26. Improvements in energy efficiency as well as investment in the energy sector both have a positive impact on long-run GDP. Staff estimates suggest that an improvement of 1 percent in energy efficiency would be accompanied by an increase in GDP per capita by 0.2 percent in the long run. An increase in 1 percent of gross capital formation per capita is associated with a 0.15 percent increase in long-run GDP per capita.21 In sum, staff results indicate that improving energy efficiency, including through diversification of the generation mix with cheaper and more efficient alternative energy sources and the adoption of energy efficient technologies, will have a significant impact on GDP in the long run (Annex I, C).

Benchmarking the Results of the VAR to an Oil Price Shock

To provide a benchmark for the VAR estimations we use the Western Hemisphere module of the IMF’s Flexible System of Global Models (FSGM) and simulate a 10 percent permanent increase in oil prices, as the VAR does.1 The results presented in the chart indicate that the FSGM model predicts a larger drop (−0.4 percentage point) in the GDP growth rate after an increase in oil prices, compared to the initial decline shown by the VAR (-0.1 pp).

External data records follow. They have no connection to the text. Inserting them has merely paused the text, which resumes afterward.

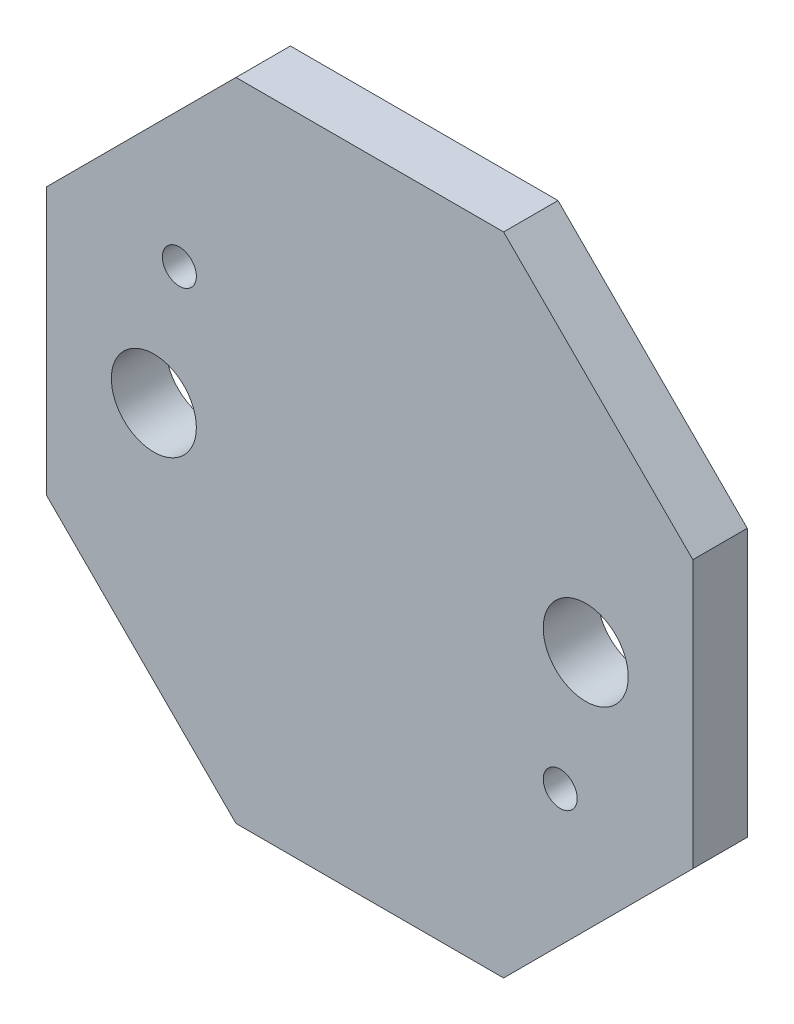
SolidWorks part; units mm, degrees
ref_plane "Front Plane" through (0, 0, 0) normal (0, 0, 1) x (1, 0, 0)
ref_plane "Top Plane" through (0, 0, 0) normal (0, 1, 0) x (1, 0, 0)
ref_plane "Right Plane" through (0, 0, 0) normal (1, 0, 0) x (0, 0, -1)
sketch "Sketch1" plane through (0, 0, 0) normal (0, 0, 1) x (1, 0, 0)
  line L0 (0, 0) -> (9.5, 0) construction
  line L9 (9.5, 3.935) -> (3.935, 9.5)
  line L10 (3.935, 9.5) -> (-3.935, 9.5)
  line L11 (-3.935, 9.5) -> (-9.5, 3.935)
  line L12 (-9.5, 3.935) -> (-9.5, -3.935)
  line L13 (-9.5, -3.935) -> (-3.935, -9.5)
  line L14 (-3.935, -9.5) -> (3.935, -9.5)
  line L15 (3.935, -9.5) -> (9.5, -3.935)
  line L16 (9.5, -3.935) -> (9.5, 3.935)
  line L17 (5.1, 0) -> (5.1, -3.85) construction
  circle A0 centre (0, 0) radius 10.2827 construction
  circle A1 centre (6.35, 0) radius 1.25
  circle A2 centre (5.6, -3.85) radius 0.5
  circle A3 centre (-6.35, 0) radius 1.25
  circle A4 centre (-5.6, 3.85) radius 0.5
  point P19 (0, 0)
  dimension "D1" = 9.5
  dimension "D2" = 2.5
  dimension "D3" = 3.15
  dimension "D4" = 1
  dimension "D5" = 3.85
  dimension "D6" = 2
extrude "Boss-Extrude1" add sketch "Sketch1" along normal blind 1.6
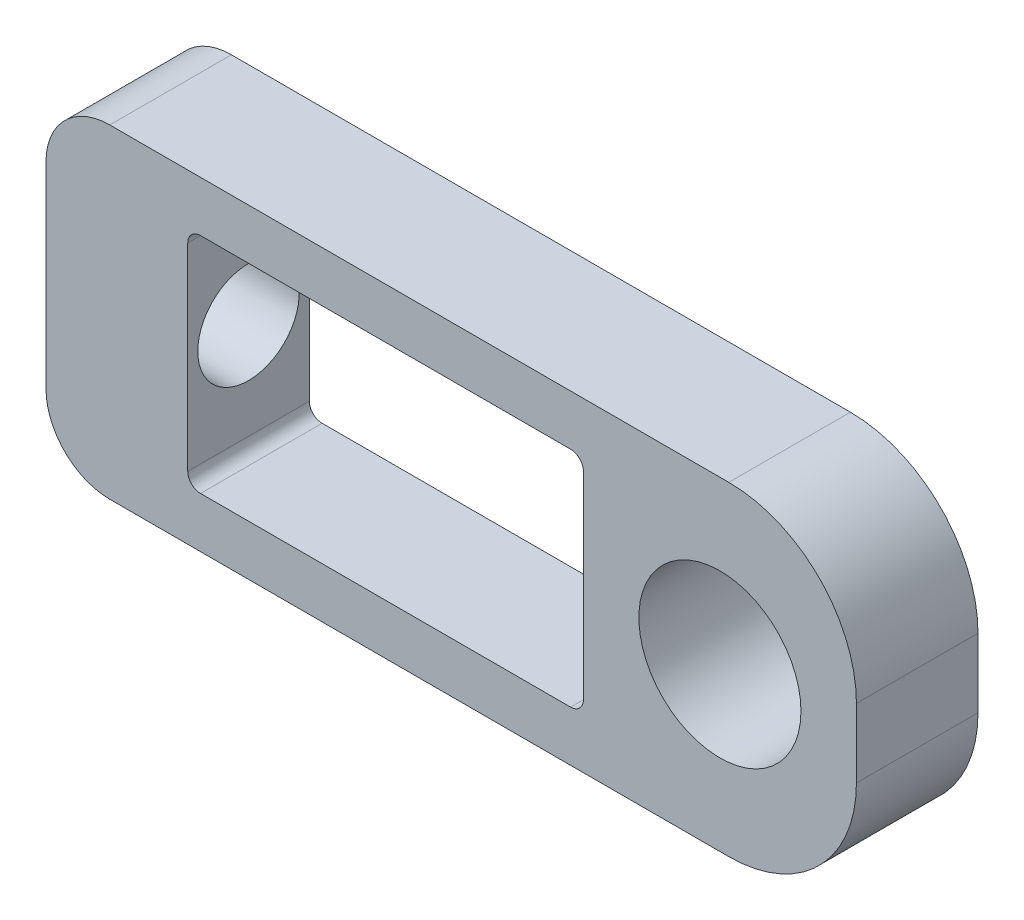
SolidWorks part; units mm, degrees
ref_plane "Front Plane" through (0, 0, 0) normal (0, 0, 1) x (1, 0, 0)
ref_plane "Top Plane" through (0, 0, 0) normal (0, 1, 0) x (1, 0, 0)
ref_plane "Right Plane" through (0, 0, 0) normal (1, 0, 0) x (0, 0, -1)
sketch "Sketch1" plane through (0, 0, 0) normal (0, 0, 1) x (1, 0, 0)
  line L1 (0, 0) -> (63.5, 0)
  line L2 (0, 0) -> (0, 25.4)
  line L3 (0, 25.4) -> (63.5, 25.4)
  line L4 (63.5, 0) -> (63.5, 25.4)
  dimension "D1" = 63.5
  dimension "D2" = 25.4
extrude "Boss-Extrude1" add sketch "Sketch1" along normal blind 9.525
sketch "Sketch5" plane through (0, 0, 9.525) normal (0, 0, 1) x (1, 0, 0)
  line L0 (42.1062, 12.7) -> (63.5, 12.7) construction
  line L1 (63.5, 0) -> (63.5, 25.4) construction
  line L6 (11.1062, 3.95) -> (42.1062, 3.95)
  line L7 (11.1062, 3.95) -> (11.1062, 21.45)
  line L8 (11.1062, 21.45) -> (42.1062, 21.45)
  line L9 (42.1062, 3.95) -> (42.1062, 21.45)
  line L10 (11.1062, 3.95) -> (42.1062, 21.45) construction
  line L11 (11.1062, 21.45) -> (42.1062, 3.95) construction
  circle A1 centre (52.8031, 12.7) radius 6.35
  point P11 (26.6062, 12.7)
  dimension "D1" = 12.7
  dimension "D2" = 31
  dimension "D3" = 17.5
extrude "Cut-Extrude3" cut sketch "Sketch5" against normal through all
sketch "Sketch4" plane through (0, 0, 0) normal (-1, 0, 0) x (0, 0, 1)
  line L0 (0, 25.4) -> (9.525, 0) construction
  circle A1 centre (4.7625, 12.7) radius 3.9751
  dimension "D1" = 7.9502
extrude "Cut-Extrude2" cut sketch "Sketch4" against normal up to next
fillet "Fillet4" radius 10 2 edges at (63.5, 0, 4.7625) (63.5, 25.4, 4.7625)
fillet "Fillet5" radius 5 2 edges at (0, 0, 4.7625) (0, 25.4, 4.7625)
fillet "Fillet6" radius 1 4 edges at (11.1062, 21.45, 4.7625) (11.1062, 3.95, 4.7625) (42.1062, 3.95, 4.7625) (42.1062, 21.45, 4.7625)
ref_plane "Plane1" through (0, 0, 4.7625) normal (0, 0, 1) x (1, 0, 0)

However, the result of the FSGM model falls within the confidence interval of the VAR, suggesting that both models are broadly consistent.


Real GDP Growth Response to a 10% Oil Price Increase

(In percent)

Citation: IMF Working Papers 2016, 053; 10.5089/9781513560908.001.A001

Note: The dotted lines are the 90 percent confidence interval for the VAR.

There are three likely explanations as to why the FSGM results show a larger drop in output after an oil price shock.

  • The FSGM is not calibrated for tourism-based economies. Given limitations to data availability the FSGM model is calibrated to industrial countries; in particular, the response of the productive sector to an oil shock is calibrated for the manufacturing sector, which is more responsive to a change in oil prices than the tourism sector. The tourism industry’s consumption of energy is more inelastic: hotels cannot shut down air conditioning and lights in response to changes in oil prices, and have to absorb the losses (or gains) from changes in oil prices. Since the FSGM model does not incorporate these nuances of tourism-intensive countries, the decline in output is larger than in the VAR.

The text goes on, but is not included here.